Phosphorylation of actin-binding proteins by YopO. (a) In vitro phosphorylation assay, monitored by autoradiography and Coomassie staining. Red asterisks indicate the molecular weights of the substrates. Owing to overlap in the molecular weights of YopO and GST-WASP, the phosphorylated GST-WASP was cleaved with thrombin before SDS-PAGE. Phosphorylation of VASP by various YopO mutants and the quality of the substrates used in the assay can be found in Supplementary Figure 5c,d. (b) Model for phosphorylation of recruited actin-binding proteins by YopO. YopO is colored as in Figure 1a, with actin in gray.
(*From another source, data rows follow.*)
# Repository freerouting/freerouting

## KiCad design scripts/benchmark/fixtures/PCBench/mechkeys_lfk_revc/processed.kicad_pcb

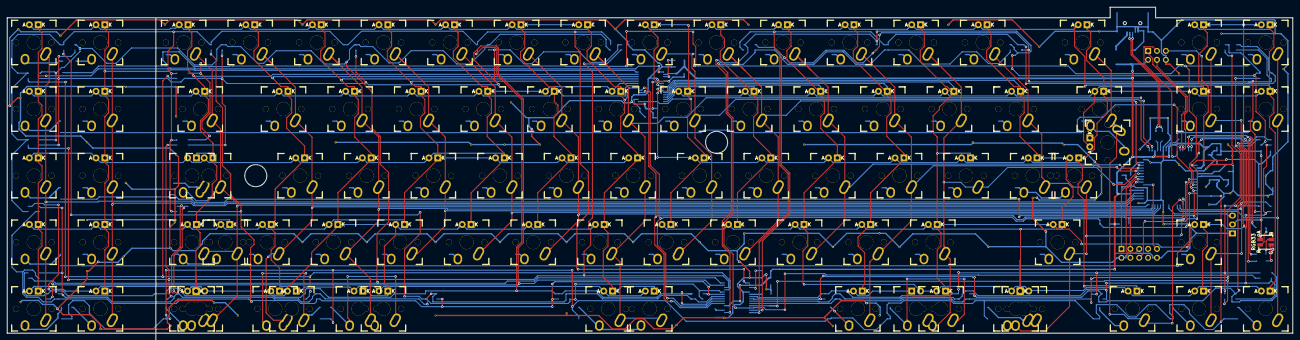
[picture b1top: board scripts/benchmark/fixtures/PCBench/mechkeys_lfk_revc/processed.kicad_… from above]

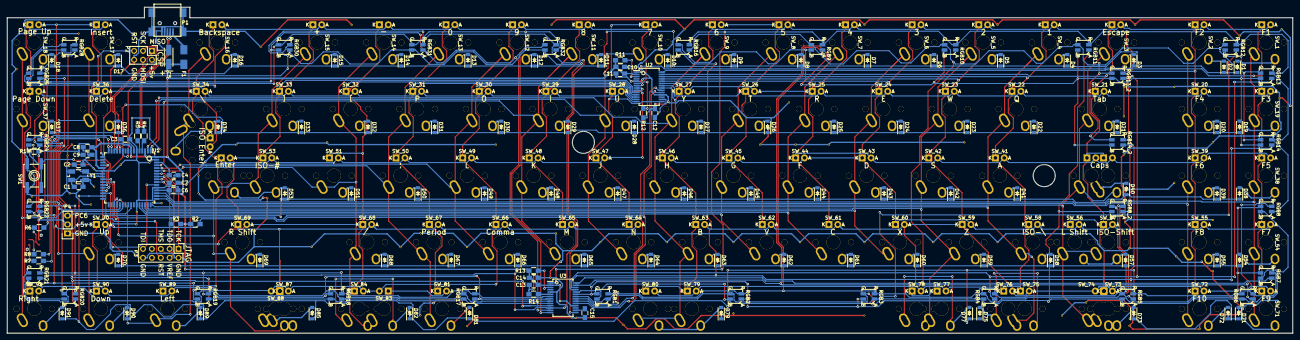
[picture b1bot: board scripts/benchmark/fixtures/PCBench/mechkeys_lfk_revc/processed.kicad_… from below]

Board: 2 copper layers, 367.8 x 93.2 mm, 238 parts (146 on the bottom side), 172 nets.

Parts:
C1, C2: 18pF; C_0805_HandSoldering
C3, C6, C7, C8, C9, C11, C12, C14, C15: 0.1µF; C_0805_HandSoldering
C4, C10, C13: 1µF; C_0805_HandSoldering
C5: 4.7µF; TantalC_SizeA_EIA-3216_HandSoldering
D1, D2, D3, D4, D5, D6, D7, D8, D9, D10, D11, D12, D13, D14, D15, D16, D17, D18, D19, D20, D21, D22, D23, D24, D25, D26, D27, D28, D29, D30, D31, D32, D33, D34, D36, D37, D38, D39, D40, D41, D42, D43, D44, D45, D46, D47, D48, D49, D50, D51, D53, D54, D55, D57, D58, D59, D60, D61, D62, D63, D64, D65, D66, D67, D68, D69, D70, D71, D72, D73, D75, D77, D79, D81, D82, D85, D89, D90, D91: D; SOD-123
F1: FP_Small; Fuse_SMD1206_HandSoldering
P1: USB_B; USB_Mini-B
P2: CONN_02X03; Pin_Header_Straight_2x03
P3: CONN_02X05; Pin_Header_Straight_2x05
P4: CONN_01X03; Pin_Header_Straight_1x03
R1: 10kΩ; R_0805_HandSoldering
R2, R3: 4.7kΩ; R_0805_HandSoldering
R4, R5: 22Ω; R_0805_HandSoldering
R6: 150; R_0805_HandSoldering
R7, R8: 120; R_0805_HandSoldering
R11, R13: 10KΩ; R_0805_HandSoldering
R12, R14: 20KΩ; R_0805_HandSoldering
RGB1, RGB2, RGB3, RGB4, RGB5, RGB6, RGB7, RGB8, RGB8_2, RGB9, RGB10, RGB11, RGB12, RGB13, RGB13_2, RGB14, RGB14_2, RGB16, RGB17, RGB18, RGB19, RGB20, RGB21, RGB22, RGB24, RGB25, RGB28, RGB30, RGB31, RGB32: Led_RGB_CA; SMP4-RGB
RGB33: Led_RGB_CA; SMP4-RGB-PIPE
STA: Stabilizer; CHERRY_PCB_200_STABILIZER_OUTLINE
STA_2: Stabilizer; CHERRY_PCB_200_STABILIZER_OUTLINE
SW1: SW_PUSH; SW_SPST_EVQP0
SW_1, SW_2, SW_3, SW_4, SW_5, SW_6, SW_7, SW_8, SW_9, SW_10, SW_11, SW_12, SW_13, SW_14, SW_15, SW_16, SW_17, SW_18, SW_19, SW_20, SW_21, SW_22, SW_23, SW_24, SW_25, SW_26, SW_27, SW_28, SW_29, SW_30, SW_31, SW_32, SW_33, SW_34, SW_35, SW_36, SW_37, SW_38, SW_39, SW_40, SW_40_2, SW_41, SW_42, SW_43, SW_44, SW_45, SW_46, SW_47, SW_48, SW_49, SW_50, SW_51, SW_52, SW_53, SW_54, SW_55, SW_56, SW_57, SW_58, SW_59, SW_60, SW_61, SW_62, SW_63, SW_64, SW_65, SW_66, SW_67, SW_68, SW_69, SW_70, SW_71, SW_72, SW_73, SW_75, SW_76, SW_77, SW_78, SW_79, SW_80, SW_81, SW_84, SW_87, SW_89, SW_90, SW_91: MX_LED; MXALPS
SW_74, SW_83, SW_88: MX_LED; MXALPS_REVERSE_LED
U1: AT90USB1286; TQFP-64_14x14mm_Pitch0.8mm
U2, U3: IS31FL3731; SSOP-28_5.3x10.2mm_Pitch0.65mm
Y1: 16Mhz; Crystal_SMD_5032_4Pads

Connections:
+5V: C5.1, C6.1, C7.1, C8.1, C9.1, C10.1, C11.1, C13.1, C14.1, F1.2, P2.2, P3.4, P4.2, R1.1, R2.1, R3.1, R11.2, R13.2, RGB33.1, U1.3, U1.8, U1.21, U1.52, U1.64, U2.2, U3.2, U3.18
AUDIO: P4.3, U1.41
C1: SW_1.SW1, SW_19.SW1, SW_38.SW1, SW_54.SW1, SW_71.SW1, U1.51
C2: SW_2.SW1, SW_20.SW1, SW_39.SW1, SW_55.SW1, SW_72.SW1, U1.50
C3: SW_3.SW1, SW_21.SW1, SW_40.SW1, SW_40_2.SW2, SW_56.SW1, SW_57.SW1, SW_73.SW1, SW_74.SW1, U1.49
C4: SW_4.SW1, SW_22.SW1, SW_41.SW1, SW_58.SW1, SW_75.SW1, SW_76.SW2, U1.48
C5: SW_5.SW1, SW_23.SW1, SW_42.SW1, SW_59.SW1, SW_77.SW1, SW_78.SW2, U1.47
C6: SW_6.SW1, SW_24.SW1, SW_43.SW1, SW_60.SW1, U1.46
C7: SW_7.SW1, SW_25.SW1, SW_44.SW1, SW_61.SW1, U1.45
C8: SW_8.SW1, SW_26.SW1, SW_45.SW1, SW_62.SW1, U1.44
C9: SW_9.SW1, SW_27.SW1, SW_46.SW1, SW_63.SW1, SW_79.SW1, SW_80.SW1, U1.1
C10: SW_10.SW1, SW_28.SW1, SW_47.SW1, SW_64.SW1, U1.2
C11: SW_11.SW1, SW_29.SW1, SW_48.SW1, SW_65.SW1, U1.61
C12: SW_12.SW1, SW_30.SW1, SW_49.SW1, SW_66.SW1, U1.60
C13: SW_13.SW1, SW_31.SW1, SW_50.SW1, SW_67.SW1, SW_81.SW1, U1.59
C14: SW_14.SW1, SW_32.SW1, SW_51.SW1, SW_68.SW1, SW_83.SW1, SW_84.SW2, U1.58
C15: SW_15.SW1, SW_33.SW1, SW_52.SW1, SW_53.SW1, SW_69.SW1, SW_87.SW2, SW_88.SW2, U1.35
C16: SW_16.SW1, SW_34.SW1, SW_35.SW1, SW_89.SW1, U1.36
C17: SW_17.SW1, SW_36.SW1, SW_70.SW1, SW_90.SW1, U1.37
C18: SW_18.SW1, SW_37.SW1, SW_91.SW1, U1.38
D+: R5.1, U1.5
D-: R4.1, U1.4
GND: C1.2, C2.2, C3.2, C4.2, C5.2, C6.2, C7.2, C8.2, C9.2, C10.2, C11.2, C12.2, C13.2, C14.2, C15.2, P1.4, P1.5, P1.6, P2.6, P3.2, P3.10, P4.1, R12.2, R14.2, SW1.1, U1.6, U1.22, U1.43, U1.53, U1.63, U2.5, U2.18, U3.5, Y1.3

The WH2 peptide of WIP (PDB 2A41) is drawn in green, at left. Middle and right show an additional modeled 15-residue peptide binding up and into the kinase active site (colored magenta). (c) Effect of YopO phosphorylation on VASP-mediated actin polymerization. KD, kinase dead.

Figure 6

Model for disabling actin polymerization by YopO. P, phosphorylation; Rac/Rho, Rac and/or Rho.